Since her treatment a year ago, Ms. Gray has weaned herself from pain medication that she relied on to relieve her symptoms.
« It’s something I’ve prayed for all my life, » she said. “I pray everyone will have the same results as me. ”
Sickle cells affect millions, mostly blacks. Beta thalassemia affects about 1 in 100. 000 people. The only cure for now is a bone marrow transplant from a closely matched donor without the disease, such as:. B.. a sibling.
Both diseases involve mutations in a gene for hemoglobin, the substance in red blood cells that carries oxygen around the body.
In sickle cells, defective hemoglobin leads to deformed, sickle-shaped blood cells that do not transport oxygen well. They can stick together and clog small vessels, causing pain, organ damage, and strokes.
People with beta thalassemia do not have enough normal hemoglobin and experience anemia, fatigue, shortness of breath, and other symptoms. In severe cases, transfusions are required every two to five weeks.
When babies breathe on their own after birth, a gene is activated that tells cells to switch and make an adult form of hemoglobin instead. The adult hemoglobin is defective in people with one of these diseases.
A head of the study, Dr. Haydar Frangoul of the Sarah Cannon Research Institute in Nashville said, “We turn that switch back off and make the cells believe that they are basically back in the womb. « . This means that they are producing fetal hemoglobin again.
The treatment involves removing stem cells from the patient’s blood and then using CRISPR in a laboratory to turn off the switching gene.
Patients are given potent drugs to kill their other faulty blood-producing cells. Then they get their own laboratory-modified stem cells back.
Saturday’s results were in the first 10 patients, seven with beta thalassemia and three with sickle cells.
The two studies in Europe and the US are ongoing and will each include 45 patients.
Tests to date suggest that gene editing is working as intended with no unintended effects, said Dr. Frangoul.
The study was sponsored by therapy manufacturers CRISPR Therapeutics, headquartered in Zug, Switzerland, and Vertex Pharmaceuticals, based in Massachusetts. Some study leaders advise for the company.

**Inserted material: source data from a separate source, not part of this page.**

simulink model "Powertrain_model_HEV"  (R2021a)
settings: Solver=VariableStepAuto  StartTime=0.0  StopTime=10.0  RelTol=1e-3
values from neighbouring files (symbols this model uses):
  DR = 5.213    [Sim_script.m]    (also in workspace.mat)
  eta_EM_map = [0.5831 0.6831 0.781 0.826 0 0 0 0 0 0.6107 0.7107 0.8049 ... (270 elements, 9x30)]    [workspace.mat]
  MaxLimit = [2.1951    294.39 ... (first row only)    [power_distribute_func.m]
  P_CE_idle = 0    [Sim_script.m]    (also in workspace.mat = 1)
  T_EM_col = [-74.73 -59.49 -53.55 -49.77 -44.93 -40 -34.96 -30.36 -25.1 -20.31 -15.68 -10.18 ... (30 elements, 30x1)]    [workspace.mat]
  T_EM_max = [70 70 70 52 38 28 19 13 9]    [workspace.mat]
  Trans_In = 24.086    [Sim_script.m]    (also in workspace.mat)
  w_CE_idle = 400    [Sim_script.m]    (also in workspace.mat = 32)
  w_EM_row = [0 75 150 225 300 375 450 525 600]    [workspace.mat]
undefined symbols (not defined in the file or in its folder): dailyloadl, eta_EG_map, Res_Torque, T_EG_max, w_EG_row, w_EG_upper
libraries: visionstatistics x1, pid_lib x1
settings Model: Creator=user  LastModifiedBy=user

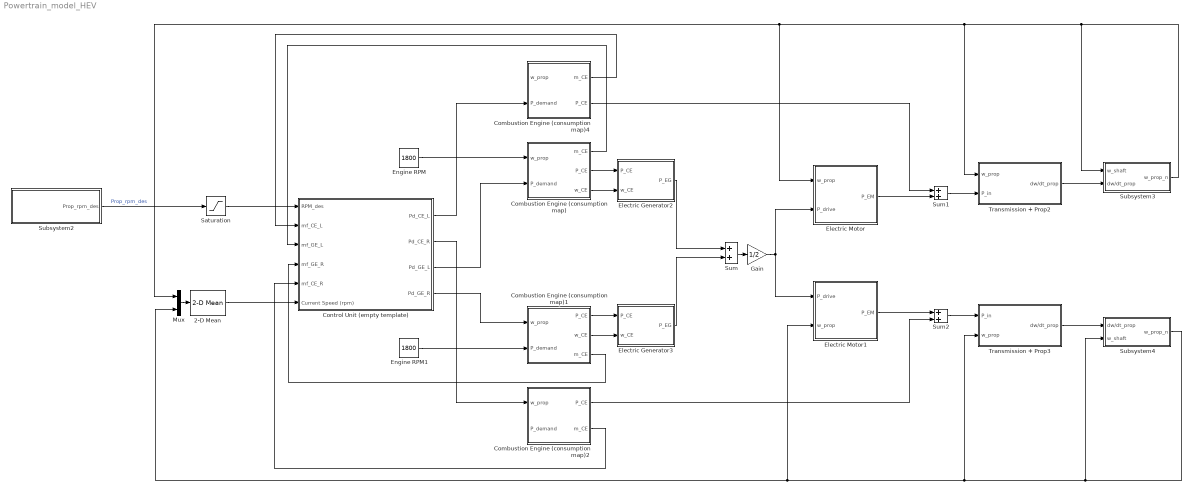
== system Powertrain_model_HEV ==
  2-D Mean : visionstatistics/2-D Mean  run=off  reset_popup=None  directionMode=Entire input  dimension=1  treatSBRowAsCol=on  outputLastDataTypeStr=Inherit: Same as accumulator  accumMode=Binary point scaling  accumWordLength=32  accumFracLength=0  accumLastDataTypeStr=fixdt([],32,0)  roiEnable=off  roiType=Rectangles  roiPortion=Entire ROI  roiOutput=Individual statistics for each ROI  roiFlag=off  roundingMode=Floor  overflowMode=off  accumDataTypeStr=fixdt([],32,0)  outputDataTypeStr=Inherit: Same as accumulator  outputMin=[]  outputMax=[]
      settings: SourceProductBaseCode=VP
  Combustion Engine (consumption map) : Subsystem  Tag=combustion engine  AncestorBlock=|
      | qss_tb_library/Energy Converter/Combustion Engine
      | (consumption map)
  Combustion Engine (consumption map)1 : Subsystem  Tag=combustion engine  AncestorBlock=|
      | qss_tb_library/Energy Converter/Combustion Engine
      | (consumption map)
  Combustion Engine (consumption map)2 : Subsystem  Tag=combustion engine  AncestorBlock=|
      | qss_tb_library/Energy Converter/Combustion Engine
      | (consumption map)
  Combustion Engine (consumption map)4 : Subsystem  Tag=combustion engine  AncestorBlock=|
      | qss_tb_library/Energy Converter/Combustion Engine
      | (consumption map)
  Control Unit (empty template) : Subsystem  Tag=control unit  AncestorBlock=|
      | qss_tb_library/Controller/Control Unit
      | (empty template)
  Electric Generator2 : Subsystem  AncestorBlock=qss_tb_library/Energy Converter/Electric Generator
  Electric Generator3 : Subsystem  AncestorBlock=qss_tb_library/Energy Converter/Electric Generator
  Electric Motor : Subsystem  AncestorBlock=qss_tb_library/Energy Converter/Electric Motor
  Electric Motor1 : Subsystem  AncestorBlock=qss_tb_library/Energy Converter/Electric Motor  mask(Electric Motor){emmapname='qss_em_original_map', scale_EM=1, theta_EM=0.1, P_aux=0}
      mask prompts: emmapname "Motor map name"; scale_EM "Motor scaling factor [-]"; theta_EM "Motor inertia [kg*m2]"; P_aux "Power required by auxiliaries [W]"
      mask help:
      | This block simulates the behaviour of an electric motor. The block is based on an efficiency map. The map is located in the Data/EnergyConvertter/ElectricMotor directory.
      |
      | Input:
      | =====
      | 	w_gear		Speed of the fly wheel [rad/s]
      | 	dw_gear	Acceleration of the fly wheel [rad/s^2]
      | 	T_gear		Torque on the fly wheel [Nm]
      |
      | Output:
      | ======
      | 	P_EM		Power produced by the electric motor [W]
      |
      | Motor map:
      | ======
      | The motor map file must contain the following variables:
      | eta_EM_map		% Efficiency map                [-]
      | w_EM_row		% Motor speed range             [rad/s]
      | T_EM_col		% Motor torque range            [Nm]
      | w_EM_max		% Maximum motor speed           [rad/s]
      | load T_EM_max	% Maximum motor torque          [Nm]
      mask init:
      | init_EM;
  Engine RPM : Constant  Value=1800
  Engine RPM1 : Constant  Value=1800
  Gain : Gain  Gain=1/2
  Mux : Mux  Inputs=2
  Saturation : Saturate  UpperLimit=inf  LowerLimit=w_CE_idle
  Subsystem2 : Subsystem  TreatAsAtomicUnit=on
  Subsystem3 : Subsystem
  Subsystem4 : Subsystem
  Sum : Sum
  Sum1 : Sum
  Sum2 : Sum
  Transmission + Prop2 : Subsystem
  Transmission + Prop3 : Subsystem
  wires:
  Combustion Engine (consumption map)1/1(P_CE) -> Electric Generator3/1(P_CE)
  Engine RPM/1 -> Combustion Engine (consumption map)/1(w_prop)
  Combustion Engine (consumption map)/2(P_CE) -> Electric Generator2/1(P_CE)
  Transmission + Prop2/1(dw/dt_prop) -> Subsystem3/2(dw/dt_prop)
  Transmission + Prop3/1(dw/dt_prop) -> Subsystem4/1(dw/dt_prop)
  Subsystem3/1(w_prop_n) -> Subsystem3/1(w_shaft), Transmission + Prop2/1(w_prop), Electric Motor/1(w_prop), Mux/1
  Electric Motor1/1(P_EM) -> Sum2/1
  Combustion Engine (consumption map)1/2(w_CE) -> Electric Generator3/2(w_CE)
  Subsystem4/1(w_prop_n) -> Subsystem4/2(w_shaft), Transmission + Prop3/2(w_prop), Mux/2, Electric Motor1/2(w_prop)
  Electric Generator3/1(P_EG) -> Sum/2
  Sum2/1 -> Transmission + Prop3/1(P_in)
  Combustion Engine (consumption map)4/2(P_CE) -> Sum1/1
  Sum1/1 -> Transmission + Prop2/2(P_in)
  Gain/1 -> Electric Motor/2(P_drive), Electric Motor1/1(P_drive)
  Combustion Engine (consumption map)/1(m_CE) -> Control Unit (empty template)/3(mf_GE_L)
  Electric Motor/1(P_EM) -> Sum1/2
  Control Unit (empty template)/4(Pd_GE_R) -> Combustion Engine (consumption map)1/1(w_prop)
  Combustion Engine (consumption map)/3(w_CE) -> Electric Generator2/2(w_CE)
  Combustion Engine (consumption map)2/2(m_CE) -> Control Unit (empty template)/5(mf_CE_R)
  Combustion Engine (consumption map)4/1(m_CE) -> Control Unit (empty template)/2(mf_CE_L)
  Engine RPM1/1 -> Combustion Engine (consumption map)1/2(P_demand)
  Electric Generator2/1(P_EG) -> Sum/1
  Mux/1 -> 2-D Mean/1
  Control Unit (empty template)/3(Pd_GE_L) -> Combustion Engine (consumption map)/2(P_demand)
  Control Unit (empty template)/2(Pd_CE_R) -> Combustion Engine (consumption map)2/1(w_prop)
  Sum/1 -> Gain/1
  Control Unit (empty template)/1(Pd_CE_L) -> Combustion Engine (consumption map)4/2(P_demand)
  2-D Mean/1 -> Control Unit (empty template)/6(Current Speed (rpm))
  Combustion Engine (consumption map)1/3(m_CE) -> Control Unit (empty template)/4(mf_GE_R)
  Combustion Engine (consumption map)2/1(P_CE) -> Sum2/2
  Subsystem2/1(Prop_rpm_des) -> Saturation/1  "Prop_rpm_des"
  Saturation/1 -> Control Unit (empty template)/1(RPM_des)

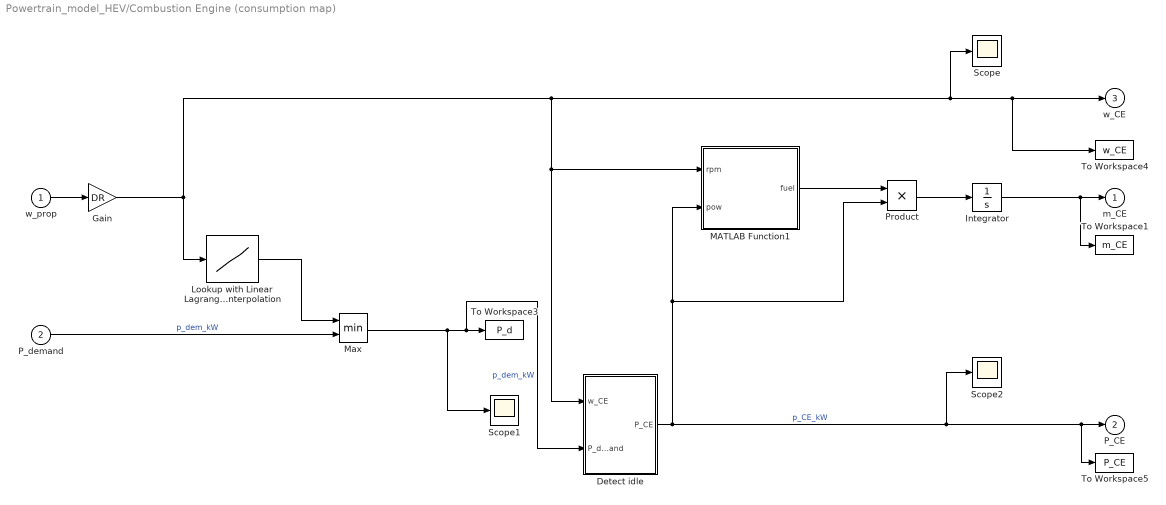
== system Powertrain_model_HEV/Combustion Engine (consumption map) ==
  w_prop : Inport
  P_demand : Inport  Port=2
  Detect idle : Subsystem
  Gain : Gain  Gain=DR
  Integrator : Integrator
  Lookup with Linear Lagrange Interpolation : Lookup_n-D  NumberOfTableDimensions=1  BreakpointsForDimension1=MaxLimit.('RPM')  Table=MaxLimit.('Pow_kW_')  InterpMethod=Linear Lagrange  InternalRulePriority=Speed  RndMeth=Simplest  InputSameDT=on
  MATLAB Function1 : MATLAB Function  TreatAsAtomicUnit=on
  Max : MinMax  Inputs=2
  Product : Product
  Scope : Scope
  Scope1 : Scope
  Scope2 : Scope
  To Workspace1 : ToWorkspace  VariableName=m_CE  SampleTime=-1
      settings: Save2DSignal=2-D array (concatenate along first dimension)
  To Workspace3 : ToWorkspace  VariableName=P_d  SampleTime=-1
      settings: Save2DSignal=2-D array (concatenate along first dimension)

Regardless, Dr. David Williams of Boston Children’s Hospital at Harvard announced partial results of a study in which a novel gene therapy was tested, with which the production of fetal hemoglobin in sickle cells was also to be restored.
Six patients, including one age seven, received treatment that involved removing some of their blood stem cells and changing them in the lab to dampen the hemoglobin switching gene.
Nobody had pain crises, five of the six no longer need transfusions and all have almost normal hemoglobin, he reported at the conference and in the medical journal.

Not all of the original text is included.